**Problem requirements:** Where a line in the listing below contains the word "offset", copy that line.

**Available records:**
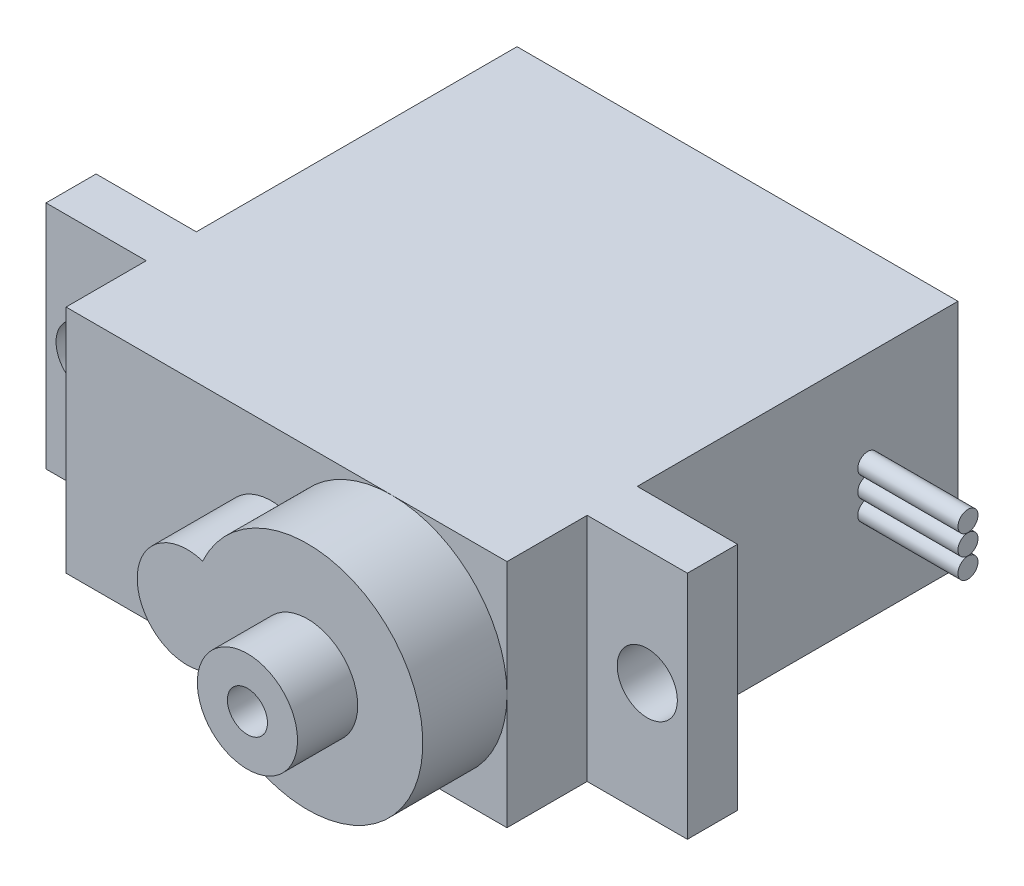
from build123d import *

# Parameters (mm, degrees)
SKETCH_1_W          = 22
SKETCH_1_H          = 11.5
EXTRUDE_1_DEPTH     = 16
SKETCH_2_W          = 32
SKETCH_2_H          = 11.5
EXTRUDE_2_DEPTH     = 2.5
SKETCH_3_W          = 22
SKETCH_3_H          = 11.5
EXTRUDE_3_DEPTH     = 4
EXTRUDE_4_DEPTH     = 4.2
SKETCH_5_R          = 1.5
CUT_EXTRUDE_1_DEPTH = 35.691497517
SKETCH_6_R          = 0.5
EXTRUDE_6_DEPTH     = 5
EXTRUDE_6_2_DEPTH   = 5
EXTRUDE_6_3_DEPTH   = 5
SKETCH_7_R          = 2.5
SKETCH_7_R_2        = 1
EXTRUDE_7_DEPTH     = 3
SKETCH_8_W          = 1.346153846
SKETCH_8_H          = 0.358974359
CUT_EXTRUDE_2_DEPTH = 2


with BuildPart() as part:
    # ｽｹｯﾁ1 → ﾎﾞｽ - 押し出し1 (new body)
    with BuildSketch(Plane.XY):
        with Locations((11, 5.75)):
            Rectangle(SKETCH_1_W, SKETCH_1_H)
    extrude(amount=EXTRUDE_1_DEPTH)

    # ｽｹｯﾁ2 → ﾎﾞｽ - 押し出し2 (add)
    with BuildSketch(Plane.XY.offset(16)):
        with Locations((11, 5.75)):
            Rectangle(SKETCH_2_W, SKETCH_2_H)
    extrude(amount=EXTRUDE_2_DEPTH)

    # ｽｹｯﾁ3 → ﾎﾞｽ - 押し出し3 (add)
    with BuildSketch(Plane.XY.offset(18.5)):
        with Locations((11, 5.75)):
            Rectangle(SKETCH_3_W, SKETCH_3_H)
    extrude(amount=EXTRUDE_3_DEPTH)

    # ｽｹｯﾁ4 → ﾎﾞｽ - 押し出し4 (add)
    with BuildSketch(Plane.XY.offset(22.5)):
        with BuildLine():
            ThreePointArc((11.015625, 8.129877803), (7.75, 5.75), (11.015625, 3.370122197))
            ThreePointArc((11.015625, 3.370122197), (22, 5.75), (11.015625, 8.129877803))
        make_face()
    extrude(amount=EXTRUDE_4_DEPTH)

    # ｽｹｯﾁ5 → ｶｯﾄ - 押し出し1 (cut, through all)
    with BuildSketch(Plane.XY.offset(18.5)):
        with Locations((-3, 5.75)):
            Circle(SKETCH_5_R)
        with Locations((25, 5.75)):
            Circle(SKETCH_5_R)
    extrude(amount=-CUT_EXTRUDE_1_DEPTH, mode=Mode.SUBTRACT)

    # ｽｹｯﾁ8 → ｶｯﾄ - 押し出し2 (cut)
    # profile 1 of 5: a face of its own
    with BuildSketch(Plane.XZ):
        with BuildLine():
            Line((4.284609401, 12.059602692), (4.580482798, 12.236986506))
            add(Edge.make_bspline(
                [(4.580482798, 12.236986506), (4.608001035, 12.190922121), (4.660724916, 12.102664537), (4.748676275, 11.983406497), (4.839809186, 11.88204434), (4.93479852, 11.799167733), (5.033064468, 11.733918846), (5.135248522, 11.687716614), (5.241006332, 11.658900639), (5.312980154, 11.655400552), (5.348912285, 11.653653173)],
                knots=[0, 0, 0, 0, 1.272034388, 2.437168799, 3.508375237, 4.49857839, 5.41946034, 6.295179144, 7.148887113, 8, 8, 8, 8], degree=3))
            add(Edge.make_bspline(
                [(5.348912285, 11.653653173), (5.379599146, 11.654507845), (5.440435919, 11.656202236), (5.529998162, 11.672483038), (5.616979964, 11.697495167), (5.699588602, 11.733316098), (5.776684216, 11.776654584), (5.844290912, 11.829000761), (5.902737025, 11.887606967), (5.950546139, 11.952989622), (5.987226175, 12.02330677), (6.015418243, 12.095482722), (6.031063317, 12.17065129), (6.03342007, 12.221261753), (6.034609401, 12.246802211)],
                knots=[0, 0, 0, 0, 1.095163259, 2.171163733, 3.241058638, 4.321873601, 5.38011039, 6.391990106, 7.366004449, 8.327778327, 9.272591725, 10.192022065, 11.087607919, 12, 12, 12, 12], degree=3))
            add(Edge.make_bspline(
                [(6.034609401, 12.246802211), (6.03313509, 12.275943061), (6.030138032, 12.33518215), (6.004806552, 12.422581803), (5.964957305, 12.509074373), (5.928194661, 12.562575639), (5.909108599, 12.590351891)],
                knots=[0, 0, 0, 0, 0.938893495, 1.908633276, 2.914225137, 4, 4, 4, 4], degree=3))
            add(Edge.make_bspline(
                [(5.909108599, 12.590351891), (5.893437985, 12.610398715), (5.860539491, 12.652484513), (5.803981978, 12.715129749), (5.737615864, 12.779748168), (5.663712309, 12.848807224), (5.57957922, 12.919095021), (5.487851706, 12.993963299), (5.386187847, 13.070564876), (5.31488835, 13.121937442), (5.278098984, 13.14844484)],
                knots=[0, 0, 0, 0, 0.722233717, 1.516239348, 2.393582979, 3.351407094, 4.387010283, 5.505090956, 6.712668013, 8, 8, 8, 8], degree=3))
            add(Edge.make_bspline(
                [(5.278098984, 13.14844484), (5.241274988, 13.174673427), (5.170870311, 13.224820489), (5.072411729, 13.299244774), (4.984367266, 13.367288643), (4.907128249, 13.429592655), (4.840728653, 13.48616526), (4.784645242, 13.536463199), (4.740306684, 13.58184676), (4.715651104, 13.611288102), (4.704581356, 13.624506538)],
                knots=[0, 0, 0, 0, 1.452282411, 2.77665338, 3.964542531, 5.026858415, 5.96415736, 6.766646006, 7.446254459, 8, 8, 8, 8], degree=3))
            add(Edge.make_bspline(
                [(4.704581356, 13.624506538), (4.689108811, 13.645107575), (4.658679974, 13.685622279), (4.618513968, 13.748947137), (4.584374806, 13.813770402), (4.557612473, 13.880266267), (4.535076255, 13.947501196), (4.519918324, 14.016352441), (4.510426927, 14.08651106), (4.50945494, 14.13372456), (4.508968375, 14.157359102)],
                knots=[0, 0, 0, 0, 1.068054152, 2.10047183, 3.106115577, 4.101338837, 5.06977816, 6.043150881, 7.020423561, 8, 8, 8, 8], degree=3))
            add(Edge.make_bspline(
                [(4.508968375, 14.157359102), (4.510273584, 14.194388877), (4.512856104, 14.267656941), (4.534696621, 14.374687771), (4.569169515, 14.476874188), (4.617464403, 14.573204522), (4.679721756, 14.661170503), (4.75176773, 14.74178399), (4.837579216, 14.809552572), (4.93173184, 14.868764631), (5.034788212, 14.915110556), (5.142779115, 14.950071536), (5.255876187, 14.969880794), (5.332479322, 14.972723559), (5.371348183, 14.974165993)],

**Answer to this problem:**
    with BuildSketch(Plane.XY.offset(16)):
    with BuildSketch(Plane.XY.offset(18.5)):
    with BuildSketch(Plane.XY.offset(22.5)):
    with BuildSketch(Plane.XY.offset(18.5)):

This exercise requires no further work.